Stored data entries

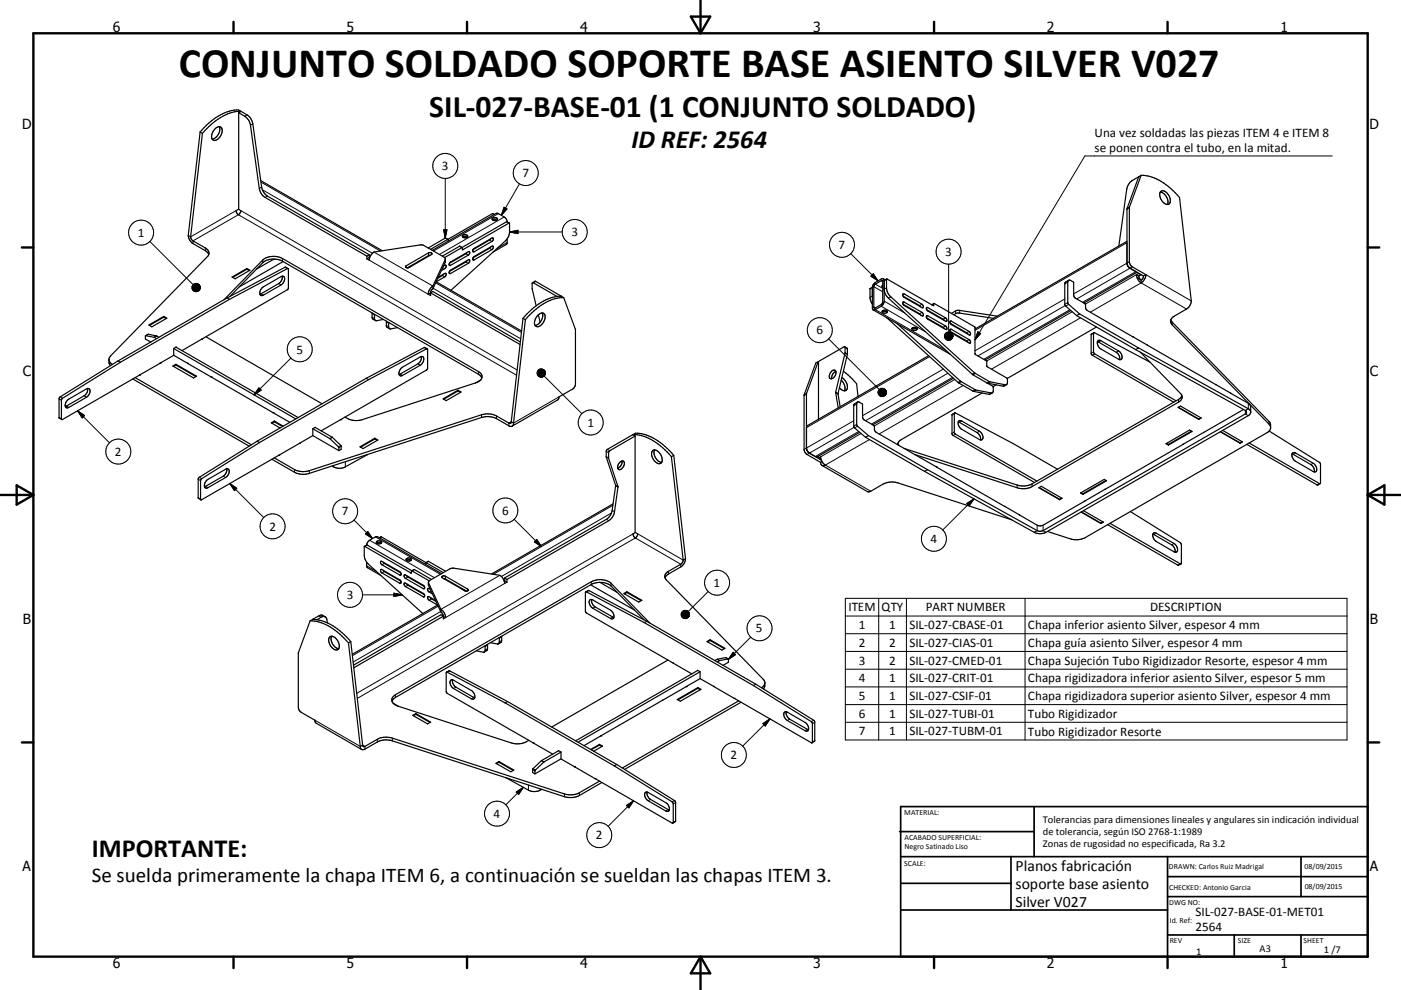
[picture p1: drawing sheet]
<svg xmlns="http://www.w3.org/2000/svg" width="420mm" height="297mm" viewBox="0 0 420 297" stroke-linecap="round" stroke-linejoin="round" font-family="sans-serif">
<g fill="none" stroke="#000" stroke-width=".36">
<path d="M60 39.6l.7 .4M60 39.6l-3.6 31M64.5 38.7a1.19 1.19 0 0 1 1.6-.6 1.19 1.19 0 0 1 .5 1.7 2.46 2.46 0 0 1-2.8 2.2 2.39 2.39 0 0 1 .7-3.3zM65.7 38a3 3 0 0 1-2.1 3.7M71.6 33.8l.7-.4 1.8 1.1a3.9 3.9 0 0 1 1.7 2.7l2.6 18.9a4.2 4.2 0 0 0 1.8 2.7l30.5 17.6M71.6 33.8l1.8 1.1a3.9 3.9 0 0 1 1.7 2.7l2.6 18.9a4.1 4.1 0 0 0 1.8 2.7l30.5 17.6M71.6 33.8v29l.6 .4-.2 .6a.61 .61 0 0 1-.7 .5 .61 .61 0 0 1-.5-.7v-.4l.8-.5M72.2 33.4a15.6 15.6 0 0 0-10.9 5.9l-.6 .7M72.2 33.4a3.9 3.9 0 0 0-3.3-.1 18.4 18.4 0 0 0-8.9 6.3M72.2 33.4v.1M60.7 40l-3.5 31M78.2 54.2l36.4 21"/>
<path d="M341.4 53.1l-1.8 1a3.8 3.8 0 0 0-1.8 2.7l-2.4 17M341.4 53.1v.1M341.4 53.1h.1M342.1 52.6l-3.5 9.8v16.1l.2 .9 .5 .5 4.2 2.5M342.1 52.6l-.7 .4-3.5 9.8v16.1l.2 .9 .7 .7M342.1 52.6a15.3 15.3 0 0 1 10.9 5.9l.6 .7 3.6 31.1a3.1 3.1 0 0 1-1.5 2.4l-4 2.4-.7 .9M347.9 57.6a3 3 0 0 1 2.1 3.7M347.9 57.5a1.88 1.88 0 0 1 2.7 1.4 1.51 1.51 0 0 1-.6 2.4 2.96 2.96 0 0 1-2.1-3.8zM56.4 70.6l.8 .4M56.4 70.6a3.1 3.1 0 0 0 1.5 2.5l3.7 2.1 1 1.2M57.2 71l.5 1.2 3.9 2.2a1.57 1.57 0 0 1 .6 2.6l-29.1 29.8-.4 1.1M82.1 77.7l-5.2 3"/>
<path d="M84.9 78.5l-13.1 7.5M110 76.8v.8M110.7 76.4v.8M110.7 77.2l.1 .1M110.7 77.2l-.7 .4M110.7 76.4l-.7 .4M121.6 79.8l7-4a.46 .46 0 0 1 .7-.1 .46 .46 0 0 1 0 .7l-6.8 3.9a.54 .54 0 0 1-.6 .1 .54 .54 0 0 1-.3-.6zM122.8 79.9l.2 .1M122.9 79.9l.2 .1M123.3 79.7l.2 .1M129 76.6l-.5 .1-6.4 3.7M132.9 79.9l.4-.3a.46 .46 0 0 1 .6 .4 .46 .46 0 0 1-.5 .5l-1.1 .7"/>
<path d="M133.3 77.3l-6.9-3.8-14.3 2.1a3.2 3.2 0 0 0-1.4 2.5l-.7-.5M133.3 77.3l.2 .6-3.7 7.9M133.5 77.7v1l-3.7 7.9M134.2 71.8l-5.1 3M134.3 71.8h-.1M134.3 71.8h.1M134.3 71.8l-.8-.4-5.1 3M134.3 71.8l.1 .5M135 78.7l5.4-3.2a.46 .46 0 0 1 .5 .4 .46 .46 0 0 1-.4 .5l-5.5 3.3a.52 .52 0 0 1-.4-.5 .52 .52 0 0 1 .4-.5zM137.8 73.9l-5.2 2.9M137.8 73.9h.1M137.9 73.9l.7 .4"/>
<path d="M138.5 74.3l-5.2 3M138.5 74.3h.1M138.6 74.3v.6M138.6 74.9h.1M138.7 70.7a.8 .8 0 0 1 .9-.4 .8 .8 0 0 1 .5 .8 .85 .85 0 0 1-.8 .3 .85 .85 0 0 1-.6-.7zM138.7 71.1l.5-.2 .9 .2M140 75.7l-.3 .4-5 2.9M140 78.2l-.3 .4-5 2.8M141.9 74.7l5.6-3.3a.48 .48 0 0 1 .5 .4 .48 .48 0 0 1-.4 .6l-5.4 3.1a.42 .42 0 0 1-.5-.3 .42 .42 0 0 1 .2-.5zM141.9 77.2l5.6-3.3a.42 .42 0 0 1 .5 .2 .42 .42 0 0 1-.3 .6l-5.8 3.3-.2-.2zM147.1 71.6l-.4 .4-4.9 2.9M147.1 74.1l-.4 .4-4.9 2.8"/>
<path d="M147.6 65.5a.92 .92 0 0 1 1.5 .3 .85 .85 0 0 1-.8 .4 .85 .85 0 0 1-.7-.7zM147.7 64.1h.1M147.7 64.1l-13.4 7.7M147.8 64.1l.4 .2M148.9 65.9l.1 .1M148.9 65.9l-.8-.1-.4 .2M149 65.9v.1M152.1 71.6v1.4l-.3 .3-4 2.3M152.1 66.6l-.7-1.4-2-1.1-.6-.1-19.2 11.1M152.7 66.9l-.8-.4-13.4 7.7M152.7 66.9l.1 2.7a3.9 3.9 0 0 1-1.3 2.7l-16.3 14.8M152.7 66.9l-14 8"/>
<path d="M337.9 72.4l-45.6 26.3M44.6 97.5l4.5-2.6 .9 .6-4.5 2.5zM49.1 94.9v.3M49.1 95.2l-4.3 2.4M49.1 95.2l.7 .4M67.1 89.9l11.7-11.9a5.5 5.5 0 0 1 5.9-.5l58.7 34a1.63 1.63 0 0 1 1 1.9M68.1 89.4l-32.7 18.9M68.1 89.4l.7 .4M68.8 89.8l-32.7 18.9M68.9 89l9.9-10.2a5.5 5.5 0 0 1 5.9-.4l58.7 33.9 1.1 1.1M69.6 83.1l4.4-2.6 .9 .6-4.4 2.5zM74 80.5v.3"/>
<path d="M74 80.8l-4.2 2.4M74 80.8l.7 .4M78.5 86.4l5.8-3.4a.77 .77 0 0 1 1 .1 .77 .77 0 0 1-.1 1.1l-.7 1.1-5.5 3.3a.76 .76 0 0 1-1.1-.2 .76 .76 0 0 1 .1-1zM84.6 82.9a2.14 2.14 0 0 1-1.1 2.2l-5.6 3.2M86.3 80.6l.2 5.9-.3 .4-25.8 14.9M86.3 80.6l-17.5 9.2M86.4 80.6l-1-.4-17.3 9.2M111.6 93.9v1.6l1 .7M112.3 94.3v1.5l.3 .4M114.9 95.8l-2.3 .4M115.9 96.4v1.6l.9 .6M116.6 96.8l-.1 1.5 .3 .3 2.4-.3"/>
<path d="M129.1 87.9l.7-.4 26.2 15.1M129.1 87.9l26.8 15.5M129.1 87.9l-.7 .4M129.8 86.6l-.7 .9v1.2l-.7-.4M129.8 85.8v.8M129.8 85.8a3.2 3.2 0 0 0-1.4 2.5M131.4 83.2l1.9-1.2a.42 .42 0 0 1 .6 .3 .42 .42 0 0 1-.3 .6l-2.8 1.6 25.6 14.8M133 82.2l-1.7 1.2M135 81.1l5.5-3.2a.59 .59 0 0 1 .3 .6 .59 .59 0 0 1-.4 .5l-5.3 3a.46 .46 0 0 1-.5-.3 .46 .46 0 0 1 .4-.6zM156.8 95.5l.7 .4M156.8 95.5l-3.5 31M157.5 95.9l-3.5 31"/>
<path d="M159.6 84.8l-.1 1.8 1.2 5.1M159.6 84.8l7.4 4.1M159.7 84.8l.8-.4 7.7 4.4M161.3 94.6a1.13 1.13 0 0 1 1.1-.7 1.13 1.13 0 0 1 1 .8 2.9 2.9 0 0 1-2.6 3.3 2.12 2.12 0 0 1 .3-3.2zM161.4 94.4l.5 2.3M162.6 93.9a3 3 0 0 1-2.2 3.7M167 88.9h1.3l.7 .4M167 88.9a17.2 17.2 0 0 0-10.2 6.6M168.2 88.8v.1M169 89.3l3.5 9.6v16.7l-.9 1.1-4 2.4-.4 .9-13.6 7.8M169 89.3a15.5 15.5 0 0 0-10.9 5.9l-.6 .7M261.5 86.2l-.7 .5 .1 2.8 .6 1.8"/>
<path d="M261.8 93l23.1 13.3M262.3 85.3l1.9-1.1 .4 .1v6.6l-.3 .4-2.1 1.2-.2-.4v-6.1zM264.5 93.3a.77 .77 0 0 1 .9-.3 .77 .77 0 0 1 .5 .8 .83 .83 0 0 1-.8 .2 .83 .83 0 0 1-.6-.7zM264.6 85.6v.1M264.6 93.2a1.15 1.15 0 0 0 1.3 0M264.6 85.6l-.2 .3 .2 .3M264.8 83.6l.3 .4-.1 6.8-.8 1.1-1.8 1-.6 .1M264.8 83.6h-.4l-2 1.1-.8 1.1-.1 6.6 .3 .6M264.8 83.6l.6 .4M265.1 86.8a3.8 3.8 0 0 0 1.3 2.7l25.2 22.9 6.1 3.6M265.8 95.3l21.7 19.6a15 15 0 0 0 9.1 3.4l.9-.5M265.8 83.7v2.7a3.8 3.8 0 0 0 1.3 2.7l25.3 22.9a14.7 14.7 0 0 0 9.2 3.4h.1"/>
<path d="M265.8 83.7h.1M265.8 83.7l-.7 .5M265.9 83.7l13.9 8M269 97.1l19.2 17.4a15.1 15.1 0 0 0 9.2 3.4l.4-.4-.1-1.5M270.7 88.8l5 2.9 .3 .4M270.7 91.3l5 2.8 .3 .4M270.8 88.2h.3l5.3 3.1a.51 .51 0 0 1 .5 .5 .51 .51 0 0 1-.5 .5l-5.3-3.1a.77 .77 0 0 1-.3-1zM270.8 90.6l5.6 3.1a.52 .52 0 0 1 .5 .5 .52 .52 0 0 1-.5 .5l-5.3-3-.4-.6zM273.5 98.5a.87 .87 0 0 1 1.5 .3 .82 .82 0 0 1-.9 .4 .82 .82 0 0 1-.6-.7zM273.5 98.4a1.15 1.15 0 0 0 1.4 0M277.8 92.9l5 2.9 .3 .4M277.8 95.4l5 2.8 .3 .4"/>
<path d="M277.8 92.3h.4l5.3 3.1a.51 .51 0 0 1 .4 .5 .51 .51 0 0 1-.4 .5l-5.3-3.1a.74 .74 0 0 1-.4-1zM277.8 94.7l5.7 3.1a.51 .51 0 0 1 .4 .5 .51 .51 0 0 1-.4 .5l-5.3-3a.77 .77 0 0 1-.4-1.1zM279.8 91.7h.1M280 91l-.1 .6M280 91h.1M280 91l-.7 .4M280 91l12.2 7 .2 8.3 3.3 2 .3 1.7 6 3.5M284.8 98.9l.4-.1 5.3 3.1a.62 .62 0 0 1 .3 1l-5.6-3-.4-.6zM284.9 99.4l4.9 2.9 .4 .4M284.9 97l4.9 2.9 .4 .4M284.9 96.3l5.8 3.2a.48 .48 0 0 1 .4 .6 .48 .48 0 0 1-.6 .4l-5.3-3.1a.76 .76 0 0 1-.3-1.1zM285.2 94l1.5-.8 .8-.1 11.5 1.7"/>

§ Task goal
Looking at the records, how many of the lines contain the string "stroke"? Only the number should be given.

§ Result of this task
2